Filter the material below down to the lines with the word "ASHRAEClearSky" and give those lines.
=== DATA SUPPLIED ===
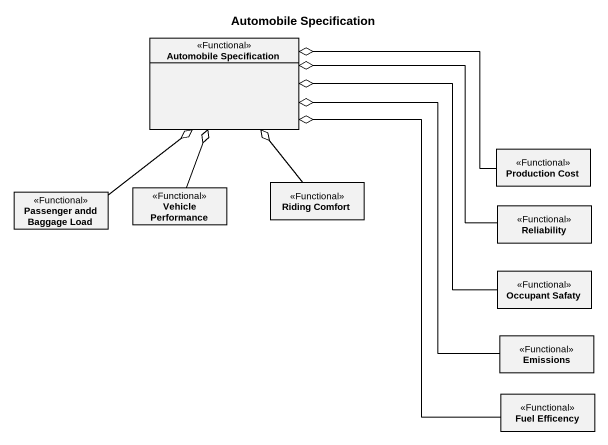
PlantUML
@startuml
title Automobile Specification
hide circle
hide empty members
class "Automobile Specification" as Automobile_Specification <<Functional>>
class "Production Cost" as Production_Cost <<Functional>>
class "Passenger andd Baggage Load" as Passenger_andd_Baggage_Load <<Functional>>
class "Vehicle Performance" as Vehicle_Performance <<Functional>>
class "Riding Comfort" as Riding_Comfort <<Functional>>
class Reliability <<Functional>>
class "Occupant Safaty" as Occupant_Safaty <<Functional>>
class Emissions <<Functional>>
class "Fuel Efficency" as Fuel_Efficency <<Functional>>
Production_Cost -left-o Automobile_Specification
Passenger_andd_Baggage_Load -up-o Automobile_Specification
Vehicle_Performance -up-o Automobile_Specification
Riding_Comfort -up-o Automobile_Specification
Reliability -left-o Automobile_Specification
Occupant_Safaty -up-o Automobile_Specification
Emissions -up-o Automobile_Specification
Fuel_Efficency -up-o Automobile_Specification
@enduml
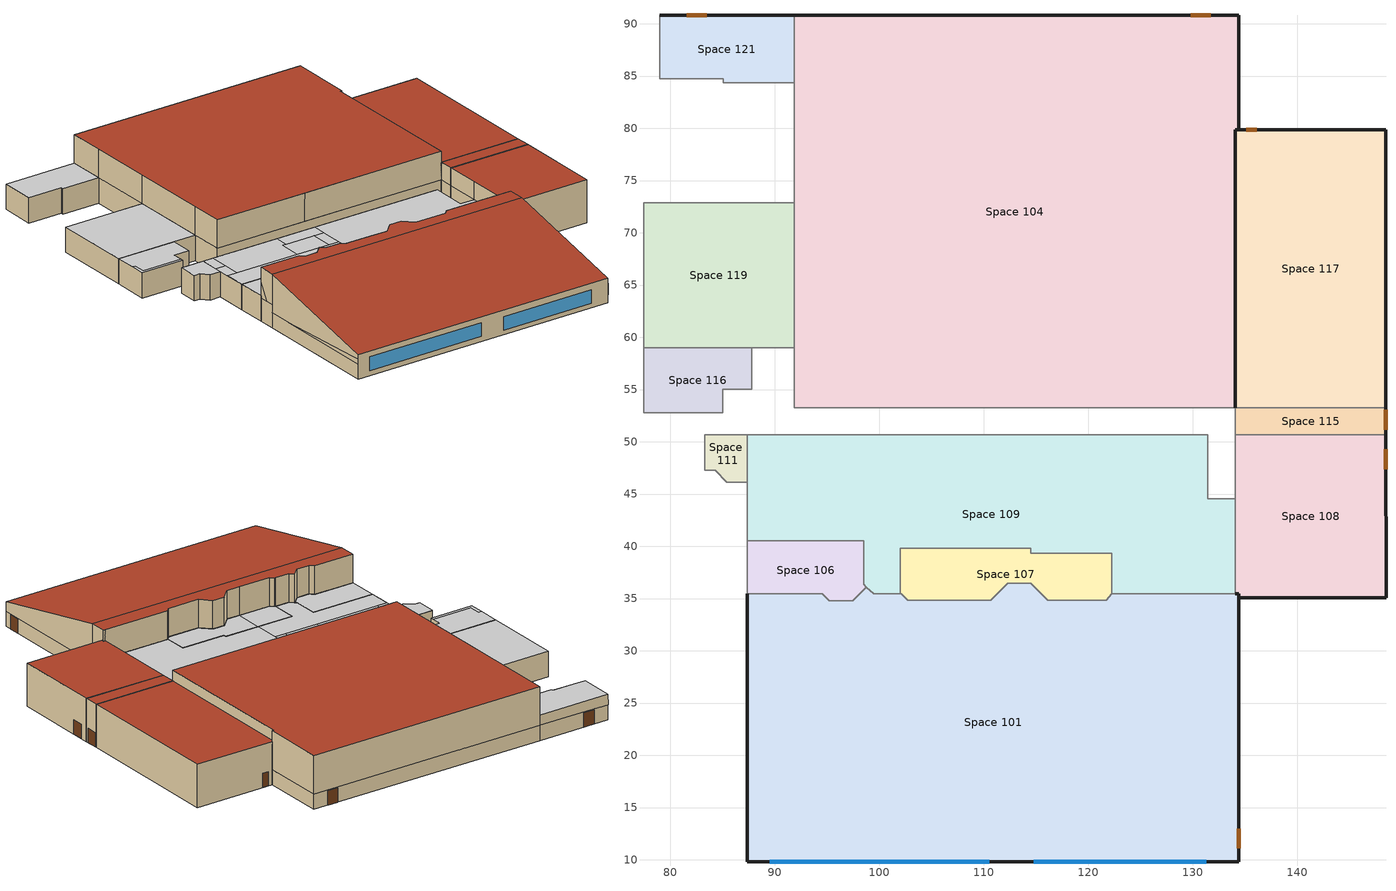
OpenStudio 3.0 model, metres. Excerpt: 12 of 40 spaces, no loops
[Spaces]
Space 101
 floor ground: 114.46,36.48 116.1,34.83 121.69,34.83 122.22,35.45 134.37,35.45 134.37,9.84 87.37,9.84 87.37,35.45 94.53,35.45 95.19,34.81 97.46,34.81 98.76,36.09 99.44,35.45 102.08,35.45 102.71,34.82 110.64,34.82 112.3,36.48 z0
 wall outside (Gym - Metal Panel): 87.37,9.84 134.37,9.84 z0:4.16; 87.37,35.45 87.37,32.51 / 87.37,35.45 87.37,32.51 / 87.37,35.45 87.37,32.51 / 87.37,35.45 87.37,32.51 z3.9:9.1; 134.37,32.51,9.1 134.37,9.84,4.16 134.37,9.84,2.55 134.37,32.51,2.55; 134.37,32.51,9.1 134.37,32.51,2.55 134.37,35.1,2.55 134.37,35.1,7.3 134.37,35.45,7.3 134.37,35.45,9.1; 87.37,32.51,9.1 87.37,32.51,2.55 87.37,9.84,2.55 87.37,9.84,4.16; 87.37,32.51,9.1 87.37,32.51,2.55 87.37,9.84,2.55 87.37,9.84,4.16; 87.37,32.51,9.1 87.37,32.51,2.55 87.37,9.84,2.55 87.37,9.84,4.16
 wall outside (Gym Precast insulated Concrete): 87.37,32.51 87.37,9.84 / 134.37,9.84 134.37,32.51 134.37,35.1 z0:2.55
 wall outside: 134.37,35.45 134.02,35.45 z7.3:9.1; 87.37,35.45 87.37,32.51 z0:3.9
 wall to Space 108: 134.37,35.1 134.37,35.45 134.02,35.45 z0:7.3
 wall to Space 106: 98.76,36.09 97.46,34.81 95.19,34.81 94.53,35.45 87.37,35.45 z0:4.3
 wall to Space 109: 101.97,35.45 99.44,35.45 98.76,36.09 / 134.02,35.45 122.22,35.45 z0:4.3
 wall to Space 107: 122.22,35.45 121.69,34.83 116.1,34.83 114.46,36.48 112.3,36.48 110.64,34.82 102.71,34.82 102.08,35.45 101.97,35.45 z0:4.3
 wall to Space 140: 134.02,35.45 122.22,35.45 121.69,34.83 116.1,34.83 114.46,36.48 112.3,36.48 110.64,34.82 108.35,34.82 z4.3:9.1
 wall to Space 139: 108.35,34.82 102.71,34.82 102.08,35.45 101.97,35.45 99.44,35.45 98.76,36.09 97.46,34.81 95.19,34.81 94.53,35.45 87.37,35.45 z4.3:9.1
 window: 89.51,9.84 110.51,9.84 z0.86:3.16; 114.75,9.84 131.25,9.84 / 114.75,9.84 131.25,9.84 z0.77:3.07
 door: 134.37,11.09 134.37,12.99 z0:2.4
 roof outside (Gym - Roof): 134.37,32.51 134.37,35.45 122.22,35.45 121.69,34.83 116.1,34.83 114.46,36.48 112.3,36.48 110.64,34.82 102.71,34.82 102.08,35.45 99.44,35.45 98.76,36.09 97.46,34.81 95.19,34.81 94.53,35.45 87.37,35.45 87.37,32.51 z9.1; 87.37,32.51,9.1 87.37,9.84,4.16 134.37,9.84,4.16 134.37,32.51,9.1
Space 104
 floor ground: 134.37,90.8 134.37,79.85 134.02,79.85 134.02,53.25 91.84,53.25 91.84,90.8 z0
 wall outside (Gym - Metal Panel): 134.37,79.85 134.37,90.8 91.84,90.8 z2.55:9.1; 134.02,53.25 134.02,79.85 z7.3:9.1
 wall outside (Gym Precast insulated Concrete): 134.37,79.85 134.37,90.8 91.84,90.8 z0:2.55
 wall outside: 134.02,79.85 134.37,79.85 z7.3:9.1
 wall to Space 117: 134.02,53.25 134.02,79.85 134.37,79.85 z0:7.3
 wall to Space 134: 91.84,53.25 108.35,53.25 z4.3:9.1
 wall to Space 133: 91.84,90.8 91.84,84.35 91.84,72.89 91.84,59.01 91.84,53.25 z4.3:9.1
 wall to Space 110: 91.84,59.01 91.84,53.25 134.02,53.25 z0:4.3
 wall to Space 140: 108.35,53.25 134.02,53.25 z4.3:9.1
 wall to Space 121: 91.84,90.8 91.84,84.35 z0:4.3
 wall to Space 120: 91.84,84.35 91.84,72.89 z0:4.3
 wall to Space 119: 91.84,72.89 91.84,59.01 z0:4.3
 door: 131.71,90.8 129.81,90.8 z0:2.4
 roof outside (Gym - Roof): 134.02,53.25 134.02,79.85 134.37,79.85 134.37,90.8 91.84,90.8 91.84,53.25 z9.1
Space 106
 floor ground: 98.48,40.54 98.48,36.37 98.76,36.09 97.46,34.81 95.19,34.81 94.53,35.45 87.37,35.45 87.37,40.54 z0
 wall to Space 103: 87.37,40.54 87.37,35.45 z0:4.3
 wall to Space 109: 98.76,36.09 98.48,36.37 98.48,40.54 87.37,40.54 z0:4.3
 ceiling to Space 139: 97.46,34.81 98.76,36.09 98.48,36.37 98.48,40.54 87.38,40.54 87.37,35.45 94.53,35.45 95.19,34.81 z4.3
 roof outside: 87.37,35.45 87.38,40.54 87.37,40.54 z4.3
Space 107
 floor ground: 114.48,39.82 114.48,39.32 122.22,39.32 122.22,35.45 121.69,34.83 116.1,34.83 114.46,36.48 112.3,36.48 110.64,34.82 102.71,34.82 102.08,35.45 101.97,35.45 101.97,39.82 z0
 wall to Space 109: 122.22,35.45 122.22,39.32 114.48,39.32 114.48,39.82 101.97,39.82 101.97,35.45 z0:4.3
 ceiling to Space 139: 108.35,34.82 108.35,39.82 101.97,39.82 101.97,35.45 102.08,35.45 102.71,34.82 z4.3
 ceiling to Space 140: 110.64,34.82 112.3,36.48 114.46,36.48 116.1,34.83 121.69,34.83 122.22,35.45 122.22,39.32 114.48,39.32 114.48,39.82 108.35,39.82 108.35,34.82 z4.3
Space 109
 floor ground: 131.42,50.66 131.42,44.54 134.02,44.54 134.02,35.45 122.22,35.45 122.22,39.32 114.48,39.32 114.48,39.82 101.97,39.82 101.97,35.45 99.44,35.45 98.76,36.09 98.48,36.37 98.48,40.54 87.37,40.54 87.37,50.66 z0
 wall to Space 110: 134.02,44.54 131.42,44.54 131.42,50.66 87.37,50.66 z0:4.3
 wall to Space 103: 87.37,46.13 87.37,40.54 z0:4.3
 wall to Space 108: 134.02,35.45 134.02,44.54 z0:4.3
 wall to Space 111: 87.37,50.66 87.37,46.13 z0:4.3
 ceiling to Space 135: 89.19,47.44 89.19,50.66 87.37,50.66 87.37,47.44 z4.3
 ceiling to Space 139: 101.97,35.45 101.97,39.82 108.35,39.82 108.35,44.32 87.38,44.32 87.38,40.54 98.48,40.54 98.48,36.37 98.76,36.09 99.44,35.45 z4.3
 ceiling to Space 134: 108.35,48.23 108.35,50.66 101.29,50.66 101.29,48.23 z4.3; 89.19,44.32 89.19,47.44 87.37,47.44 87.37,44.32 z4.3
 ceiling to Space 140: 134.02,35.45 134.02,44.54 131.42,44.54 131.42,50.66 108.35,50.66 108.35,39.82 114.48,39.82 114.48,39.32 122.22,39.32 122.22,35.45 z4.3
 ceiling to Space 137: 106.44,44.32 106.44,48.23 100.57,48.23 100.57,44.32 z4.3
 ceiling to Space 138: 108.35,44.32 108.35,48.23 106.44,48.23 106.44,44.32 z4.3
 ceiling to Space 136: 89.19,44.32 100.57,44.32 100.57,48.23 101.29,48.23 101.29,50.66 89.19,50.66 z4.3
 roof outside: 87.38,44.09 87.38,44.32 87.37,44.32 87.37,44.09 z4.3; 87.38,40.54 87.38,43.54 87.37,43.54 87.37,40.54 z4.3; 87.38,43.54 87.38,44.09 87.37,44.09 87.37,43.54 z4.3
Space 111
 floor ground: 87.37,50.66 87.37,46.13 85.41,46.13 84.27,47.27 83.29,47.27 83.29,50.66 z0
 wall to Space 103: 83.29,47.27 84.27,47.27 85.41,46.13 87.37,46.13 z0:4.3
 wall to Space 110: 87.37,50.66 83.33,50.66 83.29,50.66 83.29,47.27 z0:4.3
 ceiling to Space 134: 87.37,46.13 87.37,50.66 83.29,50.66 83.29,47.27 84.27,47.27 85.41,46.13 z4.3
Space 115
 floor ground: 148.47,53.25 148.47,50.68 134.02,50.68 134.02,53.25 z0
 wall outside (Gym Precast insulated Concrete): 148.47,50.68 148.47,53.25 z0:7.3
 wall to Space 117: 148.47,53.25 134.02,53.25 z0:7.3
 wall to Space 110: 134.02,53.25 134.02,50.68 z0:4.3
 wall to Space 108: 134.02,50.68 148.47,50.68 z0:7.3
 wall to Space 140: 134.02,53.25 134.02,50.68 z4.3:7.3
 door: 148.47,51.15 148.47,53.05 z0:2.4
 roof outside (Gym - Roof): 148.47,50.68 148.47,53.25 134.02,53.25 134.02,50.68 z7.3
Space 116
 floor ground: 87.79,59.01 87.79,55.02 85.02,55.02 85.02,52.77 77.42,52.77 77.42,59.01 z0
 wall to Space 119: 87.79,59.01 77.42,59.01 z0:4.3
 wall to Space 110: 77.42,59.01 77.42,52.77 85.02,52.77 85.02,55.02 87.79,55.02 87.79,59.01 z0:4.3
 ceiling to Space 134: 85.02,52.77 85.02,53.25 77.91,53.25 77.91,55.31 77.42,55.31 77.42,52.77 z4.3
 ceiling to Space 133: 85.02,53.25 85.02,55.02 87.79,55.02 87.79,59.01 77.42,59.01 77.42,55.31 77.91,55.31 77.91,53.25 z4.3
Space 117
 floor ground: 148.47,79.85 148.47,53.25 134.02,53.25 134.02,79.85 z0
 wall outside (Gym Precast insulated Concrete): 148.47,53.25 148.47,79.85 134.37,79.85 z0:7.3
 door: 136.1,79.85 135.1,79.85 z0:2.4
 roof outside (Gym - Roof): 148.47,53.25 148.47,79.85 134.02,79.85 134.02,53.25 z7.3
Space 119
 floor ground: 91.84,72.89 91.84,59.01 77.42,59.01 77.42,72.89 z0
 wall to Space 120: 91.84,72.89 77.42,72.89 z0:4.3
 wall to Space 110: 87.79,59.01 91.84,59.01 / 77.42,72.89 77.42,59.01 z0:4.3
 ceiling to Space 133: 91.84,59.01 91.84,72.89 77.42,72.89 77.42,59.01 z4.3
Space 121
 floor ground: 91.84,90.8 91.84,84.35 85.05,84.35 85.05,84.76 78.95,84.76 78.95,90.8 z0
 wall outside (Arena - Metal Panel): 91.84,90.8 78.95,90.8 z2.55:4.3
 wall outside (Arena - Insulated Concrete): 91.84,90.8 78.95,90.8 z0:2.55
 wall to Space 120: 78.95,84.76 85.05,84.76 85.05,84.35 91.84,84.35 z0:4.3
 wall to Space 122: 78.95,90.8 78.95,84.76 z0:4.3
 door: 83.48,90.8 81.58,90.8 z0:2.4
 ceiling to Space 133: 91.84,84.35 91.84,90.8 78.95,90.8 78.95,84.76 85.05,84.76 85.05,84.35 z4.3
Space 108
 floor ground: 148.47,50.68 148.47,35.1 134.37,35.1 134.37,35.45 134.02,35.45 134.02,50.68 z0
 wall outside (Gym Precast insulated Concrete): 134.37,35.1 148.47,35.1 148.47,50.68 z0:7.3
 wall to Space 140: 134.02,50.68 134.02,44.54 134.02,35.45 z4.3:7.3
 wall to Space 110: 134.02,50.68 134.02,44.54 z0:4.3
 door: 148.47,47.38 148.47,49.28 z0:2.4
 roof outside (Gym - Roof): 148.47,35.1 148.47,50.68 134.02,50.68 134.02,35.45 134.37,35.45 134.37,35.1 z7.3
[Building]
Recreation Center_1980-2004: North Axis {deg}=-90; Nominal Floor to Floor Height {m}=3; Default Construction Set=ASHRAE 189.1-2009 ClimateZone 4-5 (mdoff) ConstSet
[ClimateZones]
Climate Zone Institution Name 1=ASHRAE; Climate Zone Document Name 1=ANSI/ASHRAE Standard 169; Climate Zone Document Year 1=2006; Climate Zone Institution Name 2=CEC; Climate Zone Document Name 2=California Climate Zone Descriptions; Climate Zone Document Year 2=1995
[Site]
Site 1: Latitude {deg}=53.53; Longitude {deg}=-114.1; Time Zone {hr}=-7; Elevation {m}=723
[SizingPeriod:DesignDay] Barometric Pressure {Pa}=92936; Wind Direction {deg}=180; Sky Clearness=0; Rain Indicator=0; Snow Indicator=0; Day of Month=21; Daylight Saving Time Indicator=0; Dry-Bulb Temperature Range Modifier Type=DefaultMultipliers
Name | Maximum Dry-Bulb Temperature {C} | Daily Dry-Bulb Temperature Range {deltaC} | Humidity Indicating Conditions at Maximum Dry-Bulb | Wind Speed {m/s} | Month | Day Type | Humidity Indicating Type | Solar Model Indicator | ASHRAE Taub | ASHRAE Taud
Edmonton Stony Plain Ann Clg .4% Condns Enth=>MDB | 25.6 | 12 | 57100 | 3.8 | 7 | SummerDesignDay | Enthalpy | ASHRAETau | 0.353 | 2.369
Edmonton Stony Plain Ann Clg .4% Condns WB=>MDB | 25.3 | 12 | 19 | 3.8 | 7 | SummerDesignDay | Wetbulb | ASHRAETau | 0.353 | 2.369
Edmonton Stony Plain Ann Hum_n 99.6% Condns DP=>MCDB | -32.4 | 0 | -37.7 | 1.9 | 1 | WinterDesignDay | Dewpoint | ASHRAEClearSky
Edmonton Stony Plain Ann Htg 99.6% Condns DB | -32.5 | 0 | -32.5 | 1.9 | 1 | WinterDesignDay | Wetbulb | ASHRAEClearSky
[Construction]
000 ExtSlabCarpet 4in ClimateZone 1-8: MAT-CC05 4 HW CONCRETE, CP02 CARPET PAD
000 Exterior Door: 000 F08 Metal surface, 000 I01 25mm insulation board
000 Exterior Window: 000 Clear 3mm, 000 Air 13mm, 000 Clear 3mm
000 Interior Ceiling: 000 M11 100mm lightweight concrete, 000 F05 Ceiling air space resistance, 000 F16 Acoustic tile
000 Interior Door; 000 Interior Partition: 000 G05 25mm wood
000 Interior Floor: 000 F16 Acoustic tile, 000 F05 Ceiling air space resistance, 000 M11 100mm lightweight concrete
000 Interior Wall: 000 G01a 19mm gypsum board, 000 F04 Wall air space resistance, 000 G01a 19mm gypsum board
000 Interior Window: 000 Clear 3mm
ASHRAE 189.1-2009 ExtRoof IEAD ClimateZone 2-5: Roof Membrane, Roof Insulation [21], Metal Decking
ASHRAE 189.1-2009 ExtWall SteelFrame ClimateZone 4-8: MAT-SHEATH, Wall Insulation [39], 1/2IN Gypsum
ASHRAE 189.1-2009 ExtWindow ClimateZone 4-5: Theoretical Glass [207]
Arena - Insulated Concrete: Arena Precast Insulated Concrete
Arena - Metal Panel: 000 F08 Metal surface, Wall Insulation RSI 2.6
Gym Precast insulated Concrete: Gym Precast Insulated Concrete, MAT-CC05 4 HW CONCRETE
Gym - Metal Panel: 000 F08 Metal surface, Wall Insulation RSI 3.5
Gym - Roof: Roof Membrane, Wall Insulation RSI 5.57, 000 G01a 19mm gypsum board, 000 G05 25mm wood, Metal Decking
[DefaultConstructionSet]
ASHRAE 189.1-2009 ClimateZone 4-5 (mdoff) ConstSet: Default Exterior Surface Constructions=ASHRAE 189.1-2009 ClimateZone 4-5 (mdoff) Exterior DefSurfCons; Default Interior Surface Constructions=000 Interior DefSurfCons; Default Ground Contact Surface Constructions=000 Ground DefSurfCons; Default Exterior SubSurface Constructions=ASHRAE 189.1-2009 ClimateZone 4-5 (mdoff) Exterior DefSubCons; Default Interior SubSurface Constructions=000 Interior DefSubCons; Interior Partition Construction=000 Interior Partition
[DefaultSubSurfaceConstructions] Glass Door Construction=000 Exterior Window; Skylight Construction=000 Exterior Window; Tubular Daylight Dome Construction=000 Interior Window; Tubular Daylight Diffuser Construction=000 Interior Window
Name | Fixed Window Construction | Operable Window Construction | Door Construction
000 Interior DefSubCons | 000 Interior Window | 000 Interior Window | 000 Interior Door
ASHRAE 189.1-2009 ClimateZone 4-5 (mdoff) Exterior DefSubCons | ASHRAE 189.1-2009 ExtWindow ClimateZone 4-5 | ASHRAE 189.1-2009 ExtWindow ClimateZone 4-5 | 000 Exterior Door
[DefaultSurfaceConstructions]
Name | Floor Construction | Wall Construction | Roof Ceiling Construction
000 Ground DefSurfCons | 000 ExtSlabCarpet 4in ClimateZone 1-8 | 000 ExtSlabCarpet 4in ClimateZone 1-8 | 000 ExtSlabCarpet 4in ClimateZone 1-8
000 Interior DefSurfCons | 000 Interior Floor | 000 Interior Wall | 000 Interior Ceiling
ASHRAE 189.1-2009 ClimateZone 4-5 (mdoff) Exterior DefSurfCons | 000 ExtSlabCarpet 4in ClimateZone 1-8 | ASHRAE 189.1-2009 ExtWall SteelFrame ClimateZone 4-8 | ASHRAE 189.1-2009 ExtRoof IEAD ClimateZone 2-5
[Material]
Name | Roughness | Thickness {m} | Conductivity {W/m-K} | Density {kg/m3} | Specific Heat {J/kg-K} | Thermal Absorptance | Solar Absorptance | Visible Absorptance
000 F08 Metal surface | Smooth | 0.0008 | 45.28 | 7824 | 500 | 0.9 | 0.7
000 F16 Acoustic tile | MediumSmooth | 0.0191 | 0.06 | 368 | 590
000 G01a 19mm gypsum board | MediumSmooth | 0.019 | 0.16 | 800 | 1090
000 G05 25mm wood | MediumSmooth | 0.0254 | 0.15 | 608 | 1630
000 I01 25mm insulation board | MediumRough | 0.0254 | 0.03 | 43 | 1210
000 M11 100mm lightweight concrete | MediumRough | 0.1016 | 0.53 | 1280 | 840
1/2IN Gypsum | Smooth | 0.0127 | 0.16 | 784.9 | 830 | 0.9 | 0.92 | 0.92
MAT-CC05 4 HW CONCRETE | Rough | 0.1016 | 0.3846 | 2240 | 836.8 | 0.9 | 0.7 | 0.7
Metal Decking | MediumSmooth | 0.0015 | 45.006 | 7680 | 418.4 | 0.9 | 0.7 | 0.3
Roof Insulation [21] | MediumRough | 0.2105 | 0.049 | 265 | 836.8 | 0.9 | 0.7 | 0.7
Roof Membrane | VeryRough | 0.0095 | 0.16 | 1121.29 | 1460 | 0.9 | 0.7 | 0.7
Wall Insulation [39]; Wall Insulation RSI 2.6 | MediumRough | 0.1184 | 0.045 | 265 | 836.8 | 0.9 | 0.7 | 0.7
Arena Precast Insulated Concrete | MediumRough | 0.2 | 0.0769 | 2000 | 836.8
Gym Precast Insulated Concrete | MediumRough | 0.2 | 0.05714 | 2000 | 836.8
Wall Insulation RSI 3.5 | MediumRough | 0.1184 | 0.033829 | 265 | 836.8 | 0.9 | 0.7 | 0.7
Wall Insulation RSI 5.57 | MediumRough | 0.25065 | 0.045 | 265 | 836.8 | 0.9 | 0.7 | 0.7
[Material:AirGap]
===
■ EXERCISE RESULT:
Edmonton Stony Plain Ann Hum_n 99.6% Condns DP=>MCDB | -32.4 | 0 | -37.7 | 1.9 | 1 | WinterDesignDay | Dewpoint | ASHRAEClearSky
Edmonton Stony Plain Ann Htg 99.6% Condns DB | -32.5 | 0 | -32.5 | 1.9 | 1 | WinterDesignDay | Wetbulb | ASHRAEClearSky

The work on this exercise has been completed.